**Work item**.
Every entry is to be restated exactly; pictures are not part of the copy.

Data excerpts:
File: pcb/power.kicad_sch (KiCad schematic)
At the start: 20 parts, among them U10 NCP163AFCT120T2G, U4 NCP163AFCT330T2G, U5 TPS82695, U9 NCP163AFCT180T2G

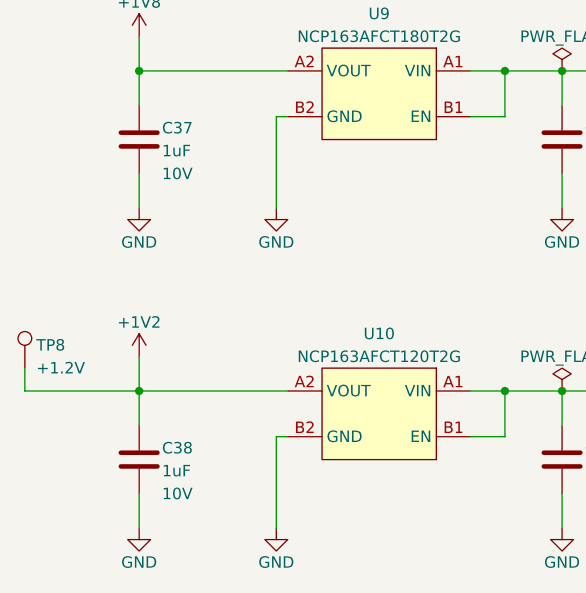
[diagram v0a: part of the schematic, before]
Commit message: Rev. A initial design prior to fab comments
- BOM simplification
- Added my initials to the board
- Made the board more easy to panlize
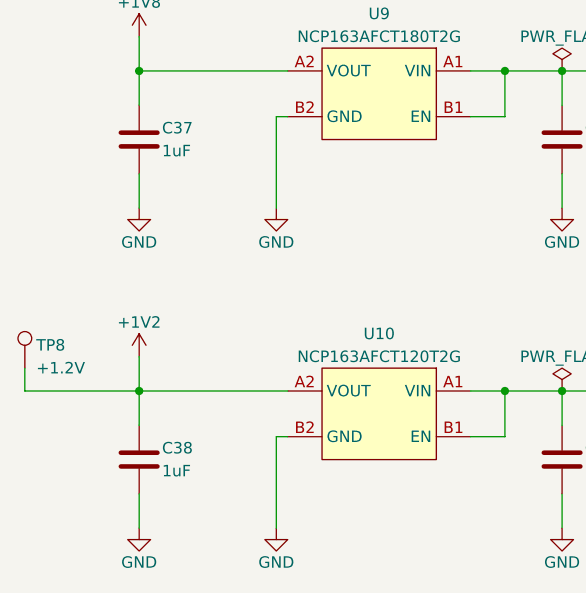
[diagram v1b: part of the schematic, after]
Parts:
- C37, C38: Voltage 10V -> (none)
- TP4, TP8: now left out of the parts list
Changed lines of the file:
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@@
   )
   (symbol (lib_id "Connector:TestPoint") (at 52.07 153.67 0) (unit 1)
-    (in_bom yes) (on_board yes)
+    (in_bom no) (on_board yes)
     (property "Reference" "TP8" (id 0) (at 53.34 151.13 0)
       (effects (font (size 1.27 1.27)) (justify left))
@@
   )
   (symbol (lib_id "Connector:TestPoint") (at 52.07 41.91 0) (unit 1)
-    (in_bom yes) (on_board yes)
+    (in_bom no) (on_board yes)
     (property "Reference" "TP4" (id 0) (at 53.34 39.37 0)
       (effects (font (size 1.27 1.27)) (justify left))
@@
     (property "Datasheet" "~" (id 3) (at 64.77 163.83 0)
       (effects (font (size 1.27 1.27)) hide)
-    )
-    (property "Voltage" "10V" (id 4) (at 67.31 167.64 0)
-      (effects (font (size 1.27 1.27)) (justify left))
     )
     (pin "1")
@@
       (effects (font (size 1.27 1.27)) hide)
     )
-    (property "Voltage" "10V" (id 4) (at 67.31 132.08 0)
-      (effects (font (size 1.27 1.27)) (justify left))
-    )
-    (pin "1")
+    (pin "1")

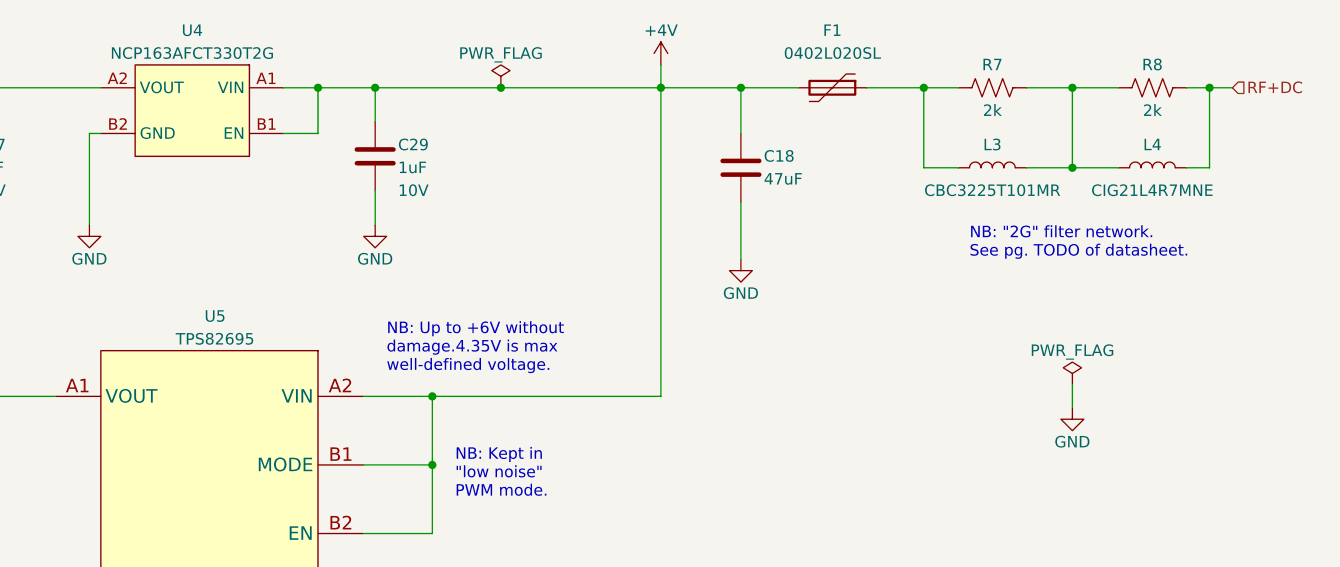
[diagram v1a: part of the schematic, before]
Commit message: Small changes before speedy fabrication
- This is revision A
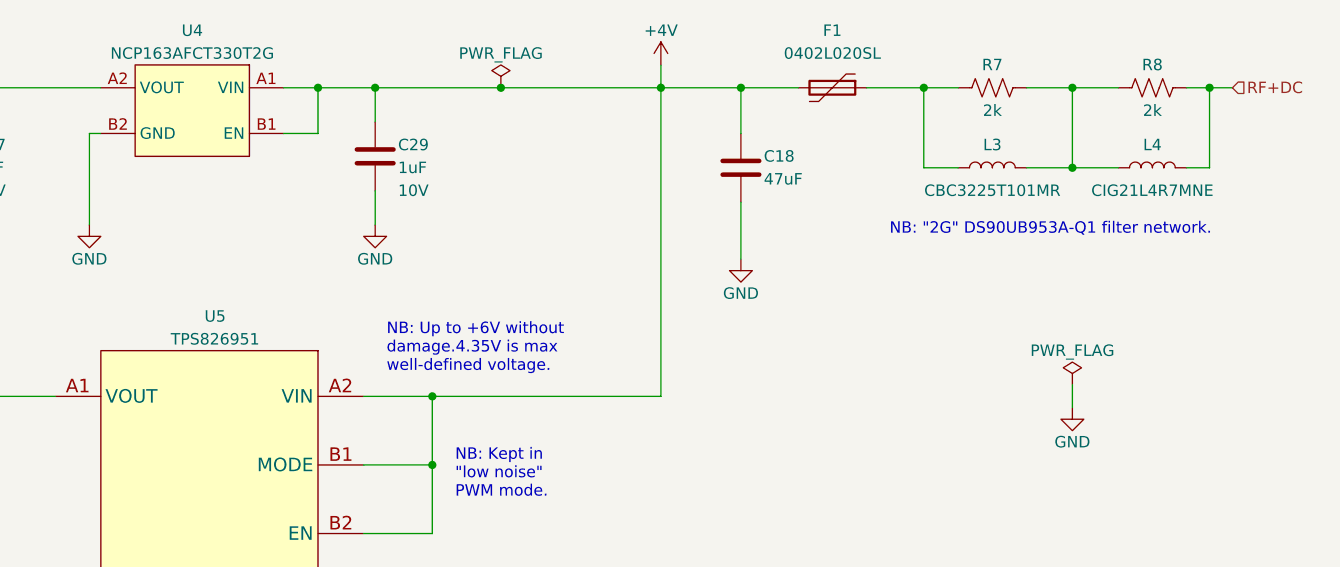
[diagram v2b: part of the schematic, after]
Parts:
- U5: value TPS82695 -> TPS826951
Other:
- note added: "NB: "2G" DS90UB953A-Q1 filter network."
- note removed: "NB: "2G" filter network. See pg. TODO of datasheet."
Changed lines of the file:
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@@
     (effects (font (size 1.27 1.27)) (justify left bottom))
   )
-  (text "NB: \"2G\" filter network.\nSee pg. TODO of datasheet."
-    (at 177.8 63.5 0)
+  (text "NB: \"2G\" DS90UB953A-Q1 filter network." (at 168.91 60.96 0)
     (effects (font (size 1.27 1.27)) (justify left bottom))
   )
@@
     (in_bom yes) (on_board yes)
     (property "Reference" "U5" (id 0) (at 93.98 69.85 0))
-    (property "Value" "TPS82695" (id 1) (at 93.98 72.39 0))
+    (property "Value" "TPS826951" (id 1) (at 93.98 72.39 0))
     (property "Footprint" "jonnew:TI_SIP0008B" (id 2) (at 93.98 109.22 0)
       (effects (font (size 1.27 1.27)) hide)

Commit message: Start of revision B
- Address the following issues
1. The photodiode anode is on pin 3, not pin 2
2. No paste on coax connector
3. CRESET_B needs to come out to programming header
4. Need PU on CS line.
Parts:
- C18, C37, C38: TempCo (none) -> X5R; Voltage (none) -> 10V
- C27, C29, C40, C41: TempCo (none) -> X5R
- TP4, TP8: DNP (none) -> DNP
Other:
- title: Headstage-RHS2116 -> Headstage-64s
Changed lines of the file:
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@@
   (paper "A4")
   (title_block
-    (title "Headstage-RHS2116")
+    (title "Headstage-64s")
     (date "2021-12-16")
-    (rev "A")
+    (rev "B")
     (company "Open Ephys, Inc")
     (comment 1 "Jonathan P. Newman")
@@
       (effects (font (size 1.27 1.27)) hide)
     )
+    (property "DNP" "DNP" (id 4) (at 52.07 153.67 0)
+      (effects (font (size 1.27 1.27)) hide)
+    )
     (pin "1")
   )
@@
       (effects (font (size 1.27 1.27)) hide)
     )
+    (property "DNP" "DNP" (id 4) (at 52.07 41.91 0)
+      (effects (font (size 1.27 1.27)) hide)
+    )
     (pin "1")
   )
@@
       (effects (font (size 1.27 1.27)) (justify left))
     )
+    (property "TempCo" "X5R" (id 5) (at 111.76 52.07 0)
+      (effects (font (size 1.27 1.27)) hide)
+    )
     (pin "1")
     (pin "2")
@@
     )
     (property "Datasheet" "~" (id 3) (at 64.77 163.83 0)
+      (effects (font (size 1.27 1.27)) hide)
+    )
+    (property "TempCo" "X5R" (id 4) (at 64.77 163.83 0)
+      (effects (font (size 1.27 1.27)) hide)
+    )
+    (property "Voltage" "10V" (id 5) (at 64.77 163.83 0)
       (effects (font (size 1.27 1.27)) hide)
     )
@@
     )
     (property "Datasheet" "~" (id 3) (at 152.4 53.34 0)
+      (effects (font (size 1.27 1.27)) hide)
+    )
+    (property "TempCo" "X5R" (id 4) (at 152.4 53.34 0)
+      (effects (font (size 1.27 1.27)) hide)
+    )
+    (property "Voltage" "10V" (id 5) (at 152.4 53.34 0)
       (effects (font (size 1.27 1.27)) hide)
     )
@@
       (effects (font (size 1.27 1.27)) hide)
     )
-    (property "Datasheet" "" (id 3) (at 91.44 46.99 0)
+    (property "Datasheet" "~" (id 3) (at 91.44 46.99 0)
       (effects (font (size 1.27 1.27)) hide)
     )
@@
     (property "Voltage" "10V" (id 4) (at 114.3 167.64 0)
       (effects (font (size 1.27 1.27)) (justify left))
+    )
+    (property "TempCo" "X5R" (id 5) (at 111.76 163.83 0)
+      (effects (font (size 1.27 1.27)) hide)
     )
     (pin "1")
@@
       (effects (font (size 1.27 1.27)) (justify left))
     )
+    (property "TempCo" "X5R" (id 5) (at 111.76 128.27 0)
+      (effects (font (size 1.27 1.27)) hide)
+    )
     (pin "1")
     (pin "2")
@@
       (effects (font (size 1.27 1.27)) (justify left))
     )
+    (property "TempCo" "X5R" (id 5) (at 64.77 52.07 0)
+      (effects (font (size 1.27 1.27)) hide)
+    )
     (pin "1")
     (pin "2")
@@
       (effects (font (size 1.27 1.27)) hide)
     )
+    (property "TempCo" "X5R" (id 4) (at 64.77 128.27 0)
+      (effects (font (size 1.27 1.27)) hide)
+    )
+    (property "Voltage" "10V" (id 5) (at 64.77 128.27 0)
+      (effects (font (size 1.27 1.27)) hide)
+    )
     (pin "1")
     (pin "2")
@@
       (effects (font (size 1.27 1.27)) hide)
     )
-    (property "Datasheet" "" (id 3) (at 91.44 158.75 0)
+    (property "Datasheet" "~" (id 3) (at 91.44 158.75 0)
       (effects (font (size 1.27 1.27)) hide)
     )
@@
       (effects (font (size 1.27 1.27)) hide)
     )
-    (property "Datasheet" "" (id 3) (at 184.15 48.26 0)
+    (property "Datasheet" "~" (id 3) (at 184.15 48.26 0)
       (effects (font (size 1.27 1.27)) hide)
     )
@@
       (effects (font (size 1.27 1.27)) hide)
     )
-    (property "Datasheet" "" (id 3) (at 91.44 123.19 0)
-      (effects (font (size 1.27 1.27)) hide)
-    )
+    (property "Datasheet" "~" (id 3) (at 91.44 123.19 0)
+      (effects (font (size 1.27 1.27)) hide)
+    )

**Written solution**.
File: pcb/power.kicad_sch (KiCad schematic)
At the start: 20 parts, among them U10 NCP163AFCT120T2G, U4 NCP163AFCT330T2G, U5 TPS82695, U9 NCP163AFCT180T2G

[diagram v0a: part of the schematic, before]
Commit message: Rev. A initial design prior to fab comments
- BOM simplification
- Added my initials to the board
- Made the board more easy to panlize
[diagram v1b: part of the schematic, after]
Parts:
- C37, C38: Voltage 10V -> (none)
- TP4, TP8: now left out of the parts list
Changed lines of the file:
@@
   )
   (symbol (lib_id "Connector:TestPoint") (at 52.07 153.67 0) (unit 1)
-    (in_bom yes) (on_board yes)
+    (in_bom no) (on_board yes)
     (property "Reference" "TP8" (id 0) (at 53.34 151.13 0)
       (effects (font (size 1.27 1.27)) (justify left))
@@
   )
   (symbol (lib_id "Connector:TestPoint") (at 52.07 41.91 0) (unit 1)
-    (in_bom yes) (on_board yes)
+    (in_bom no) (on_board yes)
     (property "Reference" "TP4" (id 0) (at 53.34 39.37 0)
       (effects (font (size 1.27 1.27)) (justify left))
@@
     (property "Datasheet" "~" (id 3) (at 64.77 163.83 0)
       (effects (font (size 1.27 1.27)) hide)
-    )
-    (property "Voltage" "10V" (id 4) (at 67.31 167.64 0)
-      (effects (font (size 1.27 1.27)) (justify left))
     )
     (pin "1")
@@
       (effects (font (size 1.27 1.27)) hide)
     )
-    (property "Voltage" "10V" (id 4) (at 67.31 132.08 0)
-      (effects (font (size 1.27 1.27)) (justify left))
-    )
-    (pin "1")
+    (pin "1")

[diagram v1a: part of the schematic, before]
Commit message: Small changes before speedy fabrication
- This is revision A
[diagram v2b: part of the schematic, after]
Parts:
- U5: value TPS82695 -> TPS826951
Other:
- note added: "NB: "2G" DS90UB953A-Q1 filter network."
- note removed: "NB: "2G" filter network. See pg. TODO of datasheet."
Changed lines of the file:
@@
     (effects (font (size 1.27 1.27)) (justify left bottom))
   )
-  (text "NB: \"2G\" filter network.\nSee pg. TODO of datasheet."
-    (at 177.8 63.5 0)
+  (text "NB: \"2G\" DS90UB953A-Q1 filter network." (at 168.91 60.96 0)
     (effects (font (size 1.27 1.27)) (justify left bottom))
   )
@@
     (in_bom yes) (on_board yes)
     (property "Reference" "U5" (id 0) (at 93.98 69.85 0))
-    (property "Value" "TPS82695" (id 1) (at 93.98 72.39 0))
+    (property "Value" "TPS826951" (id 1) (at 93.98 72.39 0))
     (property "Footprint" "jonnew:TI_SIP0008B" (id 2) (at 93.98 109.22 0)
       (effects (font (size 1.27 1.27)) hide)

Commit message: Start of revision B
- Address the following issues
1. The photodiode anode is on pin 3, not pin 2
2. No paste on coax connector
3. CRESET_B needs to come out to programming header
4. Need PU on CS line.
Parts:
- C18, C37, C38: TempCo (none) -> X5R; Voltage (none) -> 10V
- C27, C29, C40, C41: TempCo (none) -> X5R
- TP4, TP8: DNP (none) -> DNP
Other:
- title: Headstage-RHS2116 -> Headstage-64s
Changed lines of the file:
@@
   (paper "A4")
   (title_block
-    (title "Headstage-RHS2116")
+    (title "Headstage-64s")
     (date "2021-12-16")
-    (rev "A")
+    (rev "B")
     (company "Open Ephys, Inc")
     (comment 1 "Jonathan P. Newman")
@@
       (effects (font (size 1.27 1.27)) hide)
     )
+    (property "DNP" "DNP" (id 4) (at 52.07 153.67 0)
+      (effects (font (size 1.27 1.27)) hide)
+    )
     (pin "1")
   )
@@
       (effects (font (size 1.27 1.27)) hide)
     )
+    (property "DNP" "DNP" (id 4) (at 52.07 41.91 0)
+      (effects (font (size 1.27 1.27)) hide)
+    )
     (pin "1")
   )
@@
       (effects (font (size 1.27 1.27)) (justify left))
     )
+    (property "TempCo" "X5R" (id 5) (at 111.76 52.07 0)
+      (effects (font (size 1.27 1.27)) hide)
+    )
     (pin "1")
     (pin "2")
@@
     )
     (property "Datasheet" "~" (id 3) (at 64.77 163.83 0)
+      (effects (font (size 1.27 1.27)) hide)
+    )
+    (property "TempCo" "X5R" (id 4) (at 64.77 163.83 0)
+      (effects (font (size 1.27 1.27)) hide)
+    )
+    (property "Voltage" "10V" (id 5) (at 64.77 163.83 0)
       (effects (font (size 1.27 1.27)) hide)
     )
@@
     )
     (property "Datasheet" "~" (id 3) (at 152.4 53.34 0)
+      (effects (font (size 1.27 1.27)) hide)
+    )
+    (property "TempCo" "X5R" (id 4) (at 152.4 53.34 0)
+      (effects (font (size 1.27 1.27)) hide)
+    )
+    (property "Voltage" "10V" (id 5) (at 152.4 53.34 0)
       (effects (font (size 1.27 1.27)) hide)
     )
@@
       (effects (font (size 1.27 1.27)) hide)
     )
-    (property "Datasheet" "" (id 3) (at 91.44 46.99 0)
+    (property "Datasheet" "~" (id 3) (at 91.44 46.99 0)
       (effects (font (size 1.27 1.27)) hide)
     )
@@
     (property "Voltage" "10V" (id 4) (at 114.3 167.64 0)
       (effects (font (size 1.27 1.27)) (justify left))
+    )
+    (property "TempCo" "X5R" (id 5) (at 111.76 163.83 0)
+      (effects (font (size 1.27 1.27)) hide)
     )
     (pin "1")
@@
       (effects (font (size 1.27 1.27)) (justify left))
     )
+    (property "TempCo" "X5R" (id 5) (at 111.76 128.27 0)
+      (effects (font (size 1.27 1.27)) hide)
+    )
     (pin "1")
     (pin "2")
@@
       (effects (font (size 1.27 1.27)) (justify left))
     )
+    (property "TempCo" "X5R" (id 5) (at 64.77 52.07 0)
+      (effects (font (size 1.27 1.27)) hide)
+    )
     (pin "1")
     (pin "2")
@@
       (effects (font (size 1.27 1.27)) hide)
     )
+    (property "TempCo" "X5R" (id 4) (at 64.77 128.27 0)
+      (effects (font (size 1.27 1.27)) hide)
+    )
+    (property "Voltage" "10V" (id 5) (at 64.77 128.27 0)
+      (effects (font (size 1.27 1.27)) hide)
+    )
     (pin "1")
     (pin "2")
@@
       (effects (font (size 1.27 1.27)) hide)
     )
-    (property "Datasheet" "" (id 3) (at 91.44 158.75 0)
+    (property "Datasheet" "~" (id 3) (at 91.44 158.75 0)
       (effects (font (size 1.27 1.27)) hide)
     )
@@
       (effects (font (size 1.27 1.27)) hide)
     )
-    (property "Datasheet" "" (id 3) (at 184.15 48.26 0)
+    (property "Datasheet" "~" (id 3) (at 184.15 48.26 0)
       (effects (font (size 1.27 1.27)) hide)
     )
@@
       (effects (font (size 1.27 1.27)) hide)
     )
-    (property "Datasheet" "" (id 3) (at 91.44 123.19 0)
-      (effects (font (size 1.27 1.27)) hide)
-    )
+    (property "Datasheet" "~" (id 3) (at 91.44 123.19 0)
+      (effects (font (size 1.27 1.27)) hide)
+    )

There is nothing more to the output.